(Records from a data collection)
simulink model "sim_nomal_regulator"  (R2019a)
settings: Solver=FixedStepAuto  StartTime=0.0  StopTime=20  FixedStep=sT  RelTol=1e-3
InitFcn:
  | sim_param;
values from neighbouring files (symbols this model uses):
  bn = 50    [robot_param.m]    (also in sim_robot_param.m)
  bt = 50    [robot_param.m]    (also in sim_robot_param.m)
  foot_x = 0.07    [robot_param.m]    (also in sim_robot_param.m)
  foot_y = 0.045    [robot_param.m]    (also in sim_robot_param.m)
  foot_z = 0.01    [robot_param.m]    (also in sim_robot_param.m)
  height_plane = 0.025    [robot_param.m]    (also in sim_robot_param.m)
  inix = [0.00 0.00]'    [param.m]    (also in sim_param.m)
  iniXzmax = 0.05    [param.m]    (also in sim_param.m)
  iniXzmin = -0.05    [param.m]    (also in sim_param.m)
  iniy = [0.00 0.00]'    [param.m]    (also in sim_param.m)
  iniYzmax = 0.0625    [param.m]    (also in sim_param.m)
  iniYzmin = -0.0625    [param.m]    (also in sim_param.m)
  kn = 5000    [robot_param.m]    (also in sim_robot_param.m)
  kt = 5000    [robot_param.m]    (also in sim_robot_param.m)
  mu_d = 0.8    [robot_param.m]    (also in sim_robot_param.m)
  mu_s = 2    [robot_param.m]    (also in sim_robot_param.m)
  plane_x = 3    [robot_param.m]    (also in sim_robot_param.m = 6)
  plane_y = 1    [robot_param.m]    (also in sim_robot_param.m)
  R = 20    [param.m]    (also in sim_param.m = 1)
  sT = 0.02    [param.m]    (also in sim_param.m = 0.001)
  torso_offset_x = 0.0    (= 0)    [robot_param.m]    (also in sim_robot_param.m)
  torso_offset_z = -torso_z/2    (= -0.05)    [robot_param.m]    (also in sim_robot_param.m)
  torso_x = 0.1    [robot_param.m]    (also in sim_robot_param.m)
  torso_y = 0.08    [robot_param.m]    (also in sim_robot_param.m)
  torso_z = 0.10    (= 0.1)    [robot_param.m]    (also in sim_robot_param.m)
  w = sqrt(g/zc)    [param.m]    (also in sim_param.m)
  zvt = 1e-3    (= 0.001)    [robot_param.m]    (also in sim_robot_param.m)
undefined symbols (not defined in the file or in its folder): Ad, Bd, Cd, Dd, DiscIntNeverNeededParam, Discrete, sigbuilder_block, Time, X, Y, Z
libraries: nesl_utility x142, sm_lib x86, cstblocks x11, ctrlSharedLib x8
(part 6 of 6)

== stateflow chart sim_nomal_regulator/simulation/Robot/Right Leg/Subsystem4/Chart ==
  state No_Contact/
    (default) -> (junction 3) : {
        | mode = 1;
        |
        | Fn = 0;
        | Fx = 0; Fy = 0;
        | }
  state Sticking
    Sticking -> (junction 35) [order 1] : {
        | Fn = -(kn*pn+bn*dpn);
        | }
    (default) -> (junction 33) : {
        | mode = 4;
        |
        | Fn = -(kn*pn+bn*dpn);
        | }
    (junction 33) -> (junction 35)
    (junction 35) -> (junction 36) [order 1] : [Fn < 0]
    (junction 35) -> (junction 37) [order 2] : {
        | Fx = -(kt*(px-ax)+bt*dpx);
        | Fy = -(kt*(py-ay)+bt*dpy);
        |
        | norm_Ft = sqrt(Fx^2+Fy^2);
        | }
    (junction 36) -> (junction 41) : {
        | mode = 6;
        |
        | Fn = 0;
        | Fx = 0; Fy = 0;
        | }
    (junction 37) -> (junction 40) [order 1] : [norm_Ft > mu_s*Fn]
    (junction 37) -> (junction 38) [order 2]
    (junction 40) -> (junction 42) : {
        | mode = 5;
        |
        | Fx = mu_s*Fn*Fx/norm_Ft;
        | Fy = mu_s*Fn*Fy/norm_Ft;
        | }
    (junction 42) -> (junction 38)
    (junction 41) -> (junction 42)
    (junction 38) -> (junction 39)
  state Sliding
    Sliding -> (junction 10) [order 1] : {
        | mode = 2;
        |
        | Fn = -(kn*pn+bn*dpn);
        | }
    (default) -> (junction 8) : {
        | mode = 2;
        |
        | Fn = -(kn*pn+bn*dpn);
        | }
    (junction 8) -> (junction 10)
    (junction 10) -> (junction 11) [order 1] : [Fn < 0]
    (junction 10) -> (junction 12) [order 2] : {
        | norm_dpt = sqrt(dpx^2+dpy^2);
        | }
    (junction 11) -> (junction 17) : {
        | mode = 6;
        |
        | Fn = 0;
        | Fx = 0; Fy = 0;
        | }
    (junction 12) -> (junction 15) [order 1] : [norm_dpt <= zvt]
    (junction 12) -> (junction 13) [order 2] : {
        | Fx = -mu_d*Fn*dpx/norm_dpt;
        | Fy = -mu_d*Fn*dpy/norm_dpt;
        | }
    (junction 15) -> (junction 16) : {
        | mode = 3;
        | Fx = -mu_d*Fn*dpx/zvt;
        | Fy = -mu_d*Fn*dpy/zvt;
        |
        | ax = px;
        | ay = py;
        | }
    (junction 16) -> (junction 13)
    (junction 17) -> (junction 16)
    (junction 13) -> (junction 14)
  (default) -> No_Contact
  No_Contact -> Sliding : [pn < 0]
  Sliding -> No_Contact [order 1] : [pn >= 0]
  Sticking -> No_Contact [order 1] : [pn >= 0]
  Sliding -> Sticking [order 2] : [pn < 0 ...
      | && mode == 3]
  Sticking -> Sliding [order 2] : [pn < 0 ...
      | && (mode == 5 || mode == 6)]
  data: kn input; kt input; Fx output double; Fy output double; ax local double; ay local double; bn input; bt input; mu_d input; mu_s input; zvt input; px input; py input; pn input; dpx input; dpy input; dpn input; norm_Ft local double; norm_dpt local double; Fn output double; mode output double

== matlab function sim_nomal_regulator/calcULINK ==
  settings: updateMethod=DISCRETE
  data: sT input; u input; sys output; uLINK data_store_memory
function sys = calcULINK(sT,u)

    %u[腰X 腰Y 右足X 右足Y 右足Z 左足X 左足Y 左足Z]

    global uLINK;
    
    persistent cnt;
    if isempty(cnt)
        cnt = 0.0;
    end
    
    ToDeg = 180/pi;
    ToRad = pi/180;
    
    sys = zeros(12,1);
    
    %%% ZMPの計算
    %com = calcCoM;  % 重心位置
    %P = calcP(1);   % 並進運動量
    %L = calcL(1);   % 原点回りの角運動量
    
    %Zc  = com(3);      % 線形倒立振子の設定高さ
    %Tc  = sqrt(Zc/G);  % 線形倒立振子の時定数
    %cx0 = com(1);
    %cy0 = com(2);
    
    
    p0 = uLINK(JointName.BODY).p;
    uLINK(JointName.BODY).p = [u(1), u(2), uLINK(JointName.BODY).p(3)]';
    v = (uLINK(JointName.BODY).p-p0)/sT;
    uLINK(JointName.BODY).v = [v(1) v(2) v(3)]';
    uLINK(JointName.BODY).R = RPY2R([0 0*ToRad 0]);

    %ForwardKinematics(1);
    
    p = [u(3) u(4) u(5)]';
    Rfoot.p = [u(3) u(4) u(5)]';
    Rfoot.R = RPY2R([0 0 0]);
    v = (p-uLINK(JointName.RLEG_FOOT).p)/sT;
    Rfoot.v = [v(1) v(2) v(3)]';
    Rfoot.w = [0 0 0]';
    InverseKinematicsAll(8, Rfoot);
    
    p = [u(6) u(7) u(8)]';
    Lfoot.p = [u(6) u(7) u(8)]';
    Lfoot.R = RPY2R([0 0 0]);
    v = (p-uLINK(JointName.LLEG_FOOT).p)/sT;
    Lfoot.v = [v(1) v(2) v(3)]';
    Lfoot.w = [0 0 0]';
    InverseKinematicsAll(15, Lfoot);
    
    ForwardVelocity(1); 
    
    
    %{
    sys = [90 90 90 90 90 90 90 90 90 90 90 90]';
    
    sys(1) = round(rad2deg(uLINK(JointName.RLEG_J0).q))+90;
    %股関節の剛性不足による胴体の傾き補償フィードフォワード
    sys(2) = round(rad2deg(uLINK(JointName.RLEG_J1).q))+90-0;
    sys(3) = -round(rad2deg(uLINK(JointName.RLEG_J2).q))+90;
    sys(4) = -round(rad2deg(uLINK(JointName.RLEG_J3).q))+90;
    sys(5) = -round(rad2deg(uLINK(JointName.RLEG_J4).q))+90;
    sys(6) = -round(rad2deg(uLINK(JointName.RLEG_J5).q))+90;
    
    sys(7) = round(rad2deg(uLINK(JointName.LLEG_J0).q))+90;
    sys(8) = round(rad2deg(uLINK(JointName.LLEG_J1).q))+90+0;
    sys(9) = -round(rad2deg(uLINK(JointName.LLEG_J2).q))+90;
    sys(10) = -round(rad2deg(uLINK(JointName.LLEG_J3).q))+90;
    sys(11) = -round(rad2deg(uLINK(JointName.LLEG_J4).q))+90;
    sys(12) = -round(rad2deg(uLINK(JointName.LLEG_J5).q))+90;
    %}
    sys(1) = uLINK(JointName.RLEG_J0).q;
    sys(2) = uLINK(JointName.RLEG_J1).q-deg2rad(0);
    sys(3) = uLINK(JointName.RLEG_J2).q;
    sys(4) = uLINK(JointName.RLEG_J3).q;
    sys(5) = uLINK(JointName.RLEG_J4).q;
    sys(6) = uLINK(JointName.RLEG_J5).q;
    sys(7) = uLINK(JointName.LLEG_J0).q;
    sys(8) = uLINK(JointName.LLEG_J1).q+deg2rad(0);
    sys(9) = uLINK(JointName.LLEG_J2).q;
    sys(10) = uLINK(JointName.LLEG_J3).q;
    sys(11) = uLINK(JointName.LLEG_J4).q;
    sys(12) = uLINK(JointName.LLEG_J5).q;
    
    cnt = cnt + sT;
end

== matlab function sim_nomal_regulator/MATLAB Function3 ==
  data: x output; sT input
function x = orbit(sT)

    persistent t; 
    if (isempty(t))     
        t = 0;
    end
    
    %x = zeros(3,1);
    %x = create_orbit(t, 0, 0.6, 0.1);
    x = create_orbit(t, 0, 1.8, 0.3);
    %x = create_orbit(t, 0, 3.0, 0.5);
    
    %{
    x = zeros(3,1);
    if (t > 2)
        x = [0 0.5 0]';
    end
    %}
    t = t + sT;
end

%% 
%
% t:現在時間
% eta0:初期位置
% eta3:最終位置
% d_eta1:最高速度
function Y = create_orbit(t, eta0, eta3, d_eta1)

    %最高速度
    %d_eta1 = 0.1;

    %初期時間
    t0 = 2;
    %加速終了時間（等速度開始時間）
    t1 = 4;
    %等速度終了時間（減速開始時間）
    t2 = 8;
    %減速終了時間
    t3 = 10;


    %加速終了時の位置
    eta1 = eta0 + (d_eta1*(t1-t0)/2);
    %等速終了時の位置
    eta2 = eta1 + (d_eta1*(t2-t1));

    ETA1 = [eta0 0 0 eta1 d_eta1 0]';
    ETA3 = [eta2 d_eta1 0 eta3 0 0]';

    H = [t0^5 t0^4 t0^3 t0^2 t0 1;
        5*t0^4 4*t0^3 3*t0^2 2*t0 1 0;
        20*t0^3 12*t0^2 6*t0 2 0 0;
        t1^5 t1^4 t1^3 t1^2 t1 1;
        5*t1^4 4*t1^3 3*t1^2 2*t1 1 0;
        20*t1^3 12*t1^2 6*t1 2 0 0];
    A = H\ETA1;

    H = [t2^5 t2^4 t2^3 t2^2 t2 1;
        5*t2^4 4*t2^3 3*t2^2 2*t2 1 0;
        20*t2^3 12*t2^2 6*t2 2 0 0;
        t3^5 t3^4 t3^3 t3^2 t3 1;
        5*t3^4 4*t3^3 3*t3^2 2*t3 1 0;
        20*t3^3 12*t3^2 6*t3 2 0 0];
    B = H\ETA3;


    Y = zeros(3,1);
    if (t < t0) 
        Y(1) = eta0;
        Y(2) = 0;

• What you should do: Locate the word "Lfoot" in the records above, and return each line that has it.

• Answer box:
    Lfoot.p = [u(6) u(7) u(8)]';
    Lfoot.R = RPY2R([0 0 0]);
    Lfoot.v = [v(1) v(2) v(3)]';
    Lfoot.w = [0 0 0]';
    InverseKinematicsAll(15, Lfoot);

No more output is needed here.